Retailers didn’t need the official government figures to know sales were bad last month — but the Commerce Department’s big-picture read of the COVID-19 damage was still jarring.
Total retail and food service sales fell 21.6 percent in April from a year earlier and were down a seasonally adjusted 16.4 percent compared with March.
Apparel and accessories specialty stores were hit hardest, with April sales dropping 89.3 percent from a year earlier and down a seasonally adjusted 78.8 percent from March.
Department store sales fell 47 percent from a year ago and 28.9 percent from March.
The e-commerce channel is picking up some of the slack and saw sales rise 21.6 percent from a year ago and 8.4 percent from March.
Matthew Shay, president and chief executive officer of the National Retail Federation, was quick to point out: “These retail sales numbers are not a surprise given the current state of affairs.

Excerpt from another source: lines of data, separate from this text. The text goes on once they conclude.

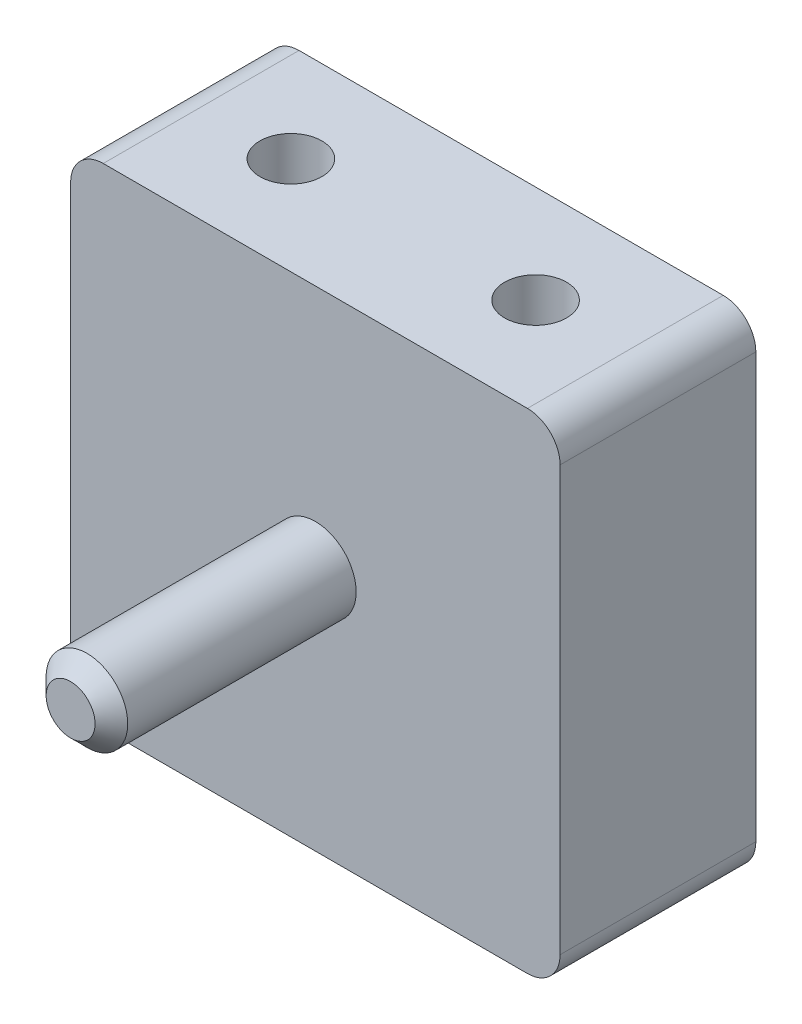
ISO-10303-21;
HEADER;
FILE_DESCRIPTION(('STEP AP214'),'2;1');
FILE_NAME('part.step','',(''),(''),'','','');
FILE_SCHEMA(('AUTOMOTIVE_DESIGN { 1 0 10303 214 1 1 1 1 }'));
ENDSEC;
DATA;
#1=APPLICATION_CONTEXT('core data for automotive mechanical design processes');
#2=APPLICATION_PROTOCOL_DEFINITION('international standard','automotive_design',2000,#1);
#3=PRODUCT_CONTEXT('',#1,'mechanical');
#4=PRODUCT('Part','Part','',(#3));
#5=PRODUCT_RELATED_PRODUCT_CATEGORY('part','',(#4));
#6=PRODUCT_DEFINITION_FORMATION('','',#4);
#7=PRODUCT_DEFINITION_CONTEXT('part definition',#1,'design');
#8=PRODUCT_DEFINITION('design','',#6,#7);
#9=PRODUCT_DEFINITION_SHAPE('','',#8);
#10=(LENGTH_UNIT() NAMED_UNIT(*) SI_UNIT(.MILLI.,.METRE.));
#11=(NAMED_UNIT(*) PLANE_ANGLE_UNIT() SI_UNIT($,.RADIAN.));
#12=(NAMED_UNIT(*) SI_UNIT($,.STERADIAN.) SOLID_ANGLE_UNIT());
#13=UNCERTAINTY_MEASURE_WITH_UNIT(LENGTH_MEASURE(1.E-05),#10,'distance_accuracy_value','');
#14=(GEOMETRIC_REPRESENTATION_CONTEXT(3) GLOBAL_UNCERTAINTY_ASSIGNED_CONTEXT((#13)) GLOBAL_UNIT_ASSIGNED_CONTEXT((#10,
#11,#12)) REPRESENTATION_CONTEXT('',''));
#15=CARTESIAN_POINT('',(0.,0.,0.));
#16=DIRECTION('',(0.,0.,1.));
#17=DIRECTION('',(1.,0.,0.));
#18=AXIS2_PLACEMENT_3D('',#15,#16,#17);
#19=CARTESIAN_POINT('',(0.,0.,15.24));
#20=DIRECTION('',(0.,0.,1.));
#21=DIRECTION('',(1.,0.,0.));
#22=AXIS2_PLACEMENT_3D('',#19,#20,#21);
#23=PLANE('',#22);
#24=CARTESIAN_POINT('',(0.,0.,15.24));
#25=DIRECTION('',(0.,0.,1.));
#26=DIRECTION('',(1.,0.,0.));
#27=AXIS2_PLACEMENT_3D('',#24,#25,#26);
#28=CIRCLE('',#27,3.175);
#29=CARTESIAN_POINT('',(3.175,0.,15.24));
#30=VERTEX_POINT('',#29);
#31=EDGE_CURVE('E251',#30,#30,#28,.T.);
#32=ORIENTED_EDGE('',*,*,#31,.F.);
#33=EDGE_LOOP('',(#32));
#34=FACE_BOUND('',#33,.T.);
#35=DIRECTION('',(0.,-1.,0.));
#36=VECTOR('',#35,1.);
#37=CARTESIAN_POINT('',(-19.05,-19.05,15.24));
#38=LINE('',#37,#36);
#39=CARTESIAN_POINT('',(-19.05,16.51,15.24));
#40=VERTEX_POINT('',#39);
#41=CARTESIAN_POINT('',(-19.05,-16.51,15.24));
#42=VERTEX_POINT('',#41);
#43=EDGE_CURVE('E150',#40,#42,#38,.T.);
#44=ORIENTED_EDGE('',*,*,#43,.T.);
#45=CARTESIAN_POINT('',(-16.51,-16.51,15.24));
#46=DIRECTION('',(0.,0.,1.));
#47=DIRECTION('',(1.,0.,0.));
#48=AXIS2_PLACEMENT_3D('',#45,#46,#47);
#49=CIRCLE('',#48,2.54);
#50=CARTESIAN_POINT('',(-16.51,-19.05,15.24));
#51=VERTEX_POINT('',#50);
#52=EDGE_CURVE('E165',#42,#51,#49,.T.);
#53=ORIENTED_EDGE('',*,*,#52,.T.);
#54=DIRECTION('',(1.,0.,0.));
#55=VECTOR('',#54,1.);
#56=CARTESIAN_POINT('',(19.05,-19.05,15.24));
#57=LINE('',#56,#55);
#58=CARTESIAN_POINT('',(16.51,-19.05,15.24));
#59=VERTEX_POINT('',#58);
#60=EDGE_CURVE('E132',#51,#59,#57,.T.);
#61=ORIENTED_EDGE('',*,*,#60,.T.);
#62=CARTESIAN_POINT('',(16.51,-16.51,15.24));
#63=DIRECTION('',(0.,0.,1.));
#64=DIRECTION('',(1.,0.,0.));
#65=AXIS2_PLACEMENT_3D('',#62,#63,#64);
#66=CIRCLE('',#65,2.54);
#67=CARTESIAN_POINT('',(19.05,-16.51,15.24));
#68=VERTEX_POINT('',#67);
#69=EDGE_CURVE('E163',#59,#68,#66,.T.);
#70=ORIENTED_EDGE('',*,*,#69,.T.);
#71=DIRECTION('',(0.,1.,0.));
#72=VECTOR('',#71,1.);
#73=CARTESIAN_POINT('',(19.05,-19.05,15.24));
#74=LINE('',#73,#72);
#75=CARTESIAN_POINT('',(19.05,16.51,15.24));
#76=VERTEX_POINT('',#75);
#77=EDGE_CURVE('E239',#68,#76,#74,.T.);
#78=ORIENTED_EDGE('',*,*,#77,.T.);
#79=CARTESIAN_POINT('',(16.51,16.51,15.24));
#80=DIRECTION('',(0.,0.,1.));
#81=DIRECTION('',(1.,0.,0.));
#82=AXIS2_PLACEMENT_3D('',#79,#80,#81);
#83=CIRCLE('',#82,2.54);
#84=CARTESIAN_POINT('',(16.51,19.05,15.24));
#85=VERTEX_POINT('',#84);
#86=EDGE_CURVE('E67',#76,#85,#83,.T.);
#87=ORIENTED_EDGE('',*,*,#86,.T.);
#88=DIRECTION('',(-1.,0.,0.));
#89=VECTOR('',#88,1.);
#90=CARTESIAN_POINT('',(19.05,19.05,15.24));
#91=LINE('',#90,#89);
#92=CARTESIAN_POINT('',(-16.51,19.05,15.24));
#93=VERTEX_POINT('',#92);
#94=EDGE_CURVE('E151',#85,#93,#91,.T.);
#95=ORIENTED_EDGE('',*,*,#94,.T.);
#96=CARTESIAN_POINT('',(-16.51,16.51,15.24));
#97=DIRECTION('',(0.,0.,1.));
#98=DIRECTION('',(1.,0.,0.));
#99=AXIS2_PLACEMENT_3D('',#96,#97,#98);
#100=CIRCLE('',#99,2.54);
#101=EDGE_CURVE('E160',#93,#40,#100,.T.);
#102=ORIENTED_EDGE('',*,*,#101,.T.);
#103=EDGE_LOOP('',(#44,#53,#61,#70,#78,#87,#95,#102));
#104=FACE_BOUND('',#103,.T.);
#105=ADVANCED_FACE('F45',(#34,#104),#23,.T.);
#106=CARTESIAN_POINT('',(0.,0.,0.));
#107=DIRECTION('',(0.,0.,1.));
#108=DIRECTION('',(1.,0.,0.));
#109=AXIS2_PLACEMENT_3D('',#106,#107,#108);
#110=PLANE('',#109);
#111=DIRECTION('',(1.,0.,0.));
#112=VECTOR('',#111,1.);
#113=CARTESIAN_POINT('',(19.05,-19.05,0.));
#114=LINE('',#113,#112);
#115=CARTESIAN_POINT('',(-16.51,-19.05,0.));
#116=VERTEX_POINT('',#115);
#117=CARTESIAN_POINT('',(16.51,-19.05,0.));
#118=VERTEX_POINT('',#117);
#119=EDGE_CURVE('E129',#116,#118,#114,.T.);
#120=ORIENTED_EDGE('',*,*,#119,.F.);
#121=CARTESIAN_POINT('',(-16.51,-16.51,0.));
#122=DIRECTION('',(0.,0.,1.));
#123=DIRECTION('',(1.,0.,0.));
#124=AXIS2_PLACEMENT_3D('',#121,#122,#123);
#125=CIRCLE('',#124,2.54);
#126=CARTESIAN_POINT('',(-19.05,-16.51,0.));
#127=VERTEX_POINT('',#126);
#128=EDGE_CURVE('E112',#116,#127,#125,.F.);
#129=ORIENTED_EDGE('',*,*,#128,.T.);
#130=DIRECTION('',(0.,-1.,0.));
#131=VECTOR('',#130,1.);
#132=CARTESIAN_POINT('',(-19.05,-19.05,0.));
#133=LINE('',#132,#131);
#134=CARTESIAN_POINT('',(-19.05,16.51,0.));
#135=VERTEX_POINT('',#134);
#136=EDGE_CURVE('E140',#135,#127,#133,.T.);
#137=ORIENTED_EDGE('',*,*,#136,.F.);
#138=CARTESIAN_POINT('',(-16.51,16.51,0.));
#139=DIRECTION('',(0.,0.,1.));
#140=DIRECTION('',(1.,0.,0.));
#141=AXIS2_PLACEMENT_3D('',#138,#139,#140);
#142=CIRCLE('',#141,2.54);
#143=CARTESIAN_POINT('',(-16.51,19.05,0.));
#144=VERTEX_POINT('',#143);
#145=EDGE_CURVE('E133',#135,#144,#142,.F.);
#146=ORIENTED_EDGE('',*,*,#145,.T.);
#147=DIRECTION('',(-1.,0.,0.));
#148=VECTOR('',#147,1.);
#149=CARTESIAN_POINT('',(19.05,19.05,0.));
#150=LINE('',#149,#148);
#151=CARTESIAN_POINT('',(16.51,19.05,0.));
#152=VERTEX_POINT('',#151);
#153=EDGE_CURVE('E143',#152,#144,#150,.T.);
#154=ORIENTED_EDGE('',*,*,#153,.F.);
#155=CARTESIAN_POINT('',(16.51,16.51,0.));
#156=DIRECTION('',(0.,0.,1.));
#157=DIRECTION('',(1.,0.,0.));
#158=AXIS2_PLACEMENT_3D('',#155,#156,#157);
#159=CIRCLE('',#158,2.54);
#160=CARTESIAN_POINT('',(19.05,16.51,0.));
#161=VERTEX_POINT('',#160);
#162=EDGE_CURVE('E154',#152,#161,#159,.F.);
#163=ORIENTED_EDGE('',*,*,#162,.T.);
#164=DIRECTION('',(0.,1.,0.));
#165=VECTOR('',#164,1.);
#166=CARTESIAN_POINT('',(19.05,-19.05,0.));
#167=LINE('',#166,#165);
#168=CARTESIAN_POINT('',(19.05,-16.51,0.));
#169=VERTEX_POINT('',#168);
#170=EDGE_CURVE('E139',#169,#161,#167,.T.);
#171=ORIENTED_EDGE('',*,*,#170,.F.);
#172=CARTESIAN_POINT('',(16.51,-16.51,0.));
#173=DIRECTION('',(0.,0.,1.));
#174=DIRECTION('',(1.,0.,0.));
#175=AXIS2_PLACEMENT_3D('',#172,#173,#174);
#176=CIRCLE('',#175,2.54);
#177=EDGE_CURVE('E123',#169,#118,#176,.F.);
#178=ORIENTED_EDGE('',*,*,#177,.T.);
#179=EDGE_LOOP('',(#120,#129,#137,#146,#154,#163,#171,#178));
#180=FACE_BOUND('',#179,.T.);
#181=CARTESIAN_POINT('',(0.,0.,0.));
#182=DIRECTION('',(0.,0.,1.));
#183=DIRECTION('',(1.,0.,0.));
#184=AXIS2_PLACEMENT_3D('',#181,#182,#183);
#185=CIRCLE('',#184,1.5875);
#186=CARTESIAN_POINT('',(1.5875,0.,0.));
#187=VERTEX_POINT('',#186);
#188=EDGE_CURVE('E145',#187,#187,#185,.T.);
#189=ORIENTED_EDGE('',*,*,#188,.T.);
#190=EDGE_LOOP('',(#189));
#191=FACE_BOUND('',#190,.T.);
#192=ADVANCED_FACE('F136',(#180,#191),#110,.F.);
#193=CARTESIAN_POINT('',(-19.05,-19.05,15.24));
#194=DIRECTION('',(1.,0.,0.));
#195=DIRECTION('',(0.,0.,-1.));
#196=AXIS2_PLACEMENT_3D('',#193,#194,#195);
#197=PLANE('',#196);
#198=ORIENTED_EDGE('',*,*,#136,.T.);
#199=DIRECTION('',(0.,0.,-1.));
#200=VECTOR('',#199,1.);
#201=CARTESIAN_POINT('',(-19.05,-16.51,15.24));
#202=LINE('',#201,#200);
#203=EDGE_CURVE('E117',#127,#42,#202,.F.);
#204=ORIENTED_EDGE('',*,*,#203,.T.);
#205=ORIENTED_EDGE('',*,*,#43,.F.);
#206=DIRECTION('',(0.,0.,-1.));
#207=VECTOR('',#206,1.);
#208=CARTESIAN_POINT('',(-19.05,16.51,15.24));
#209=LINE('',#208,#207);
#210=EDGE_CURVE('E122',#40,#135,#209,.T.);
#211=ORIENTED_EDGE('',*,*,#210,.T.);
#212=EDGE_LOOP('',(#198,#204,#205,#211));
#213=FACE_BOUND('',#212,.T.);
#214=ADVANCED_FACE('F200',(#213),#197,.F.);
#215=CARTESIAN_POINT('',(19.05,-19.05,15.24));
#216=DIRECTION('',(0.,1.,0.));
#217=DIRECTION('',(-1.,0.,0.));
#218=AXIS2_PLACEMENT_3D('',#215,#216,#217);
#219=PLANE('',#218);
#220=CARTESIAN_POINT('',(-9.525,-19.05,7.62));
#221=DIRECTION('',(0.,-1.,0.));
#222=DIRECTION('',(1.,0.,0.));
#223=AXIS2_PLACEMENT_3D('',#220,#221,#222);
#224=CIRCLE('',#223,2.413);
#225=CARTESIAN_POINT('',(-7.112,-19.05,7.62));
#226=VERTEX_POINT('',#225);
#227=EDGE_CURVE('E262',#226,#226,#224,.T.);
#228=ORIENTED_EDGE('',*,*,#227,.F.);
#229=EDGE_LOOP('',(#228));
#230=FACE_BOUND('',#229,.T.);
#231=CARTESIAN_POINT('',(9.525,-19.05,7.62));
#232=DIRECTION('',(0.,-1.,0.));
#233=DIRECTION('',(1.,0.,0.));
#234=AXIS2_PLACEMENT_3D('',#231,#232,#233);
#235=CIRCLE('',#234,2.413);
#236=CARTESIAN_POINT('',(11.938,-19.05,7.62));
#237=VERTEX_POINT('',#236);
#238=EDGE_CURVE('E258',#237,#237,#235,.T.);
#239=ORIENTED_EDGE('',*,*,#238,.F.);
#240=EDGE_LOOP('',(#239));
#241=FACE_BOUND('',#240,.T.);
#242=ORIENTED_EDGE('',*,*,#60,.F.);
#243=DIRECTION('',(0.,0.,-1.));
#244=VECTOR('',#243,1.);
#245=CARTESIAN_POINT('',(-16.51,-19.05,15.24));
#246=LINE('',#245,#244);
#247=EDGE_CURVE('E116',#51,#116,#246,.T.);
#248=ORIENTED_EDGE('',*,*,#247,.T.);
#249=ORIENTED_EDGE('',*,*,#119,.T.);
#250=DIRECTION('',(0.,0.,-1.));
#251=VECTOR('',#250,1.);
#252=CARTESIAN_POINT('',(16.51,-19.05,15.24));
#253=LINE('',#252,#251);
#254=EDGE_CURVE('E134',#118,#59,#253,.F.);
#255=ORIENTED_EDGE('',*,*,#254,.T.);
#256=EDGE_LOOP('',(#242,#248,#249,#255));
#257=FACE_BOUND('',#256,.T.);
#258=ADVANCED_FACE('F128',(#230,#241,#257),#219,.F.);
#259=CARTESIAN_POINT('',(19.05,-19.05,15.24));
#260=DIRECTION('',(-1.,0.,0.));
#261=DIRECTION('',(0.,0.,1.));
#262=AXIS2_PLACEMENT_3D('',#259,#260,#261);
#263=PLANE('',#262);
#264=ORIENTED_EDGE('',*,*,#77,.F.);
#265=DIRECTION('',(0.,0.,-1.));
#266=VECTOR('',#265,1.);
#267=CARTESIAN_POINT('',(19.05,-16.51,15.24));
#268=LINE('',#267,#266);
#269=EDGE_CURVE('E169',#68,#169,#268,.T.);
#270=ORIENTED_EDGE('',*,*,#269,.T.);
#271=ORIENTED_EDGE('',*,*,#170,.T.);
#272=DIRECTION('',(0.,0.,-1.));
#273=VECTOR('',#272,1.);
#274=CARTESIAN_POINT('',(19.05,16.51,15.24));
#275=LINE('',#274,#273);
#276=EDGE_CURVE('E167',#161,#76,#275,.F.);
#277=ORIENTED_EDGE('',*,*,#276,.T.);
#278=EDGE_LOOP('',(#264,#270,#271,#277));
#279=FACE_BOUND('',#278,.T.);
#280=ADVANCED_FACE('F210',(#279),#263,.F.);
#281=CARTESIAN_POINT('',(19.05,19.05,15.24));
#282=DIRECTION('',(0.,-1.,0.));
#283=DIRECTION('',(1.,0.,0.));
#284=AXIS2_PLACEMENT_3D('',#281,#282,#283);
#285=PLANE('',#284);
#286=CARTESIAN_POINT('',(9.525,19.05,7.62));
#287=DIRECTION('',(0.,1.,0.));
#288=DIRECTION('',(-1.,0.,0.));
#289=AXIS2_PLACEMENT_3D('',#286,#287,#288);
#290=CIRCLE('',#289,2.413);
#291=CARTESIAN_POINT('',(7.112,19.05,7.62));
#292=VERTEX_POINT('',#291);
#293=EDGE_CURVE('E273',#292,#292,#290,.T.);
#294=ORIENTED_EDGE('',*,*,#293,.F.);
#295=EDGE_LOOP('',(#294));
#296=FACE_BOUND('',#295,.T.);
#297=CARTESIAN_POINT('',(-9.525,19.05,7.62));
#298=DIRECTION('',(0.,1.,0.));
#299=DIRECTION('',(-1.,0.,0.));
#300=AXIS2_PLACEMENT_3D('',#297,#298,#299);
#301=CIRCLE('',#300,2.413);
#302=CARTESIAN_POINT('',(-11.938,19.05,7.62));
#303=VERTEX_POINT('',#302);
#304=EDGE_CURVE('E270',#303,#303,#301,.T.);
#305=ORIENTED_EDGE('',*,*,#304,.F.);
#306=EDGE_LOOP('',(#305));
#307=FACE_BOUND('',#306,.T.);
#308=ORIENTED_EDGE('',*,*,#94,.F.);
#309=DIRECTION('',(0.,0.,-1.));
#310=VECTOR('',#309,1.);
#311=CARTESIAN_POINT('',(16.51,19.05,15.24));
#312=LINE('',#311,#310);
#313=EDGE_CURVE('E173',#85,#152,#312,.T.);
#314=ORIENTED_EDGE('',*,*,#313,.T.);
#315=ORIENTED_EDGE('',*,*,#153,.T.);
#316=DIRECTION('',(0.,0.,-1.));
#317=VECTOR('',#316,1.);
#318=CARTESIAN_POINT('',(-16.51,19.05,15.24));
#319=LINE('',#318,#317);
#320=EDGE_CURVE('E60',#144,#93,#319,.F.);
#321=ORIENTED_EDGE('',*,*,#320,.T.);
#322=EDGE_LOOP('',(#308,#314,#315,#321));
#323=FACE_BOUND('',#322,.T.);
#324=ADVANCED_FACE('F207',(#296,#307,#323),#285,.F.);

The vast majority of retail stores have been closed, we are in the midst of historic unemployment and when it comes to personal finances, discretionary spending takes a back seat to essentials. Prior to this pandemic, retail was setting records in year-over-year growth, employment and investment. It is a resilient industry serving a smart consumer, and despite today’s report, we know it will be leading our nation’s economic recovery as this crisis recedes.”
Even though stores are starting to reopen in parts of the country, simply turning the lights back on and unlocking the doors will not bring the sales back.
Dillard’s Inc. was among the first retailers to report first quarter numbers on Thursday and said sales at the 45 doors it reopened on May 5 are down 56 percent from a year earlier. The stores are operating with reduced hours and other safeguards.
But even that is a start.
“As we reopen stores, we see positive things happening,” said ceo William T. Dillard 2nd. “We believe people are ready to get out and shop. We are hoping this is the start of better times.”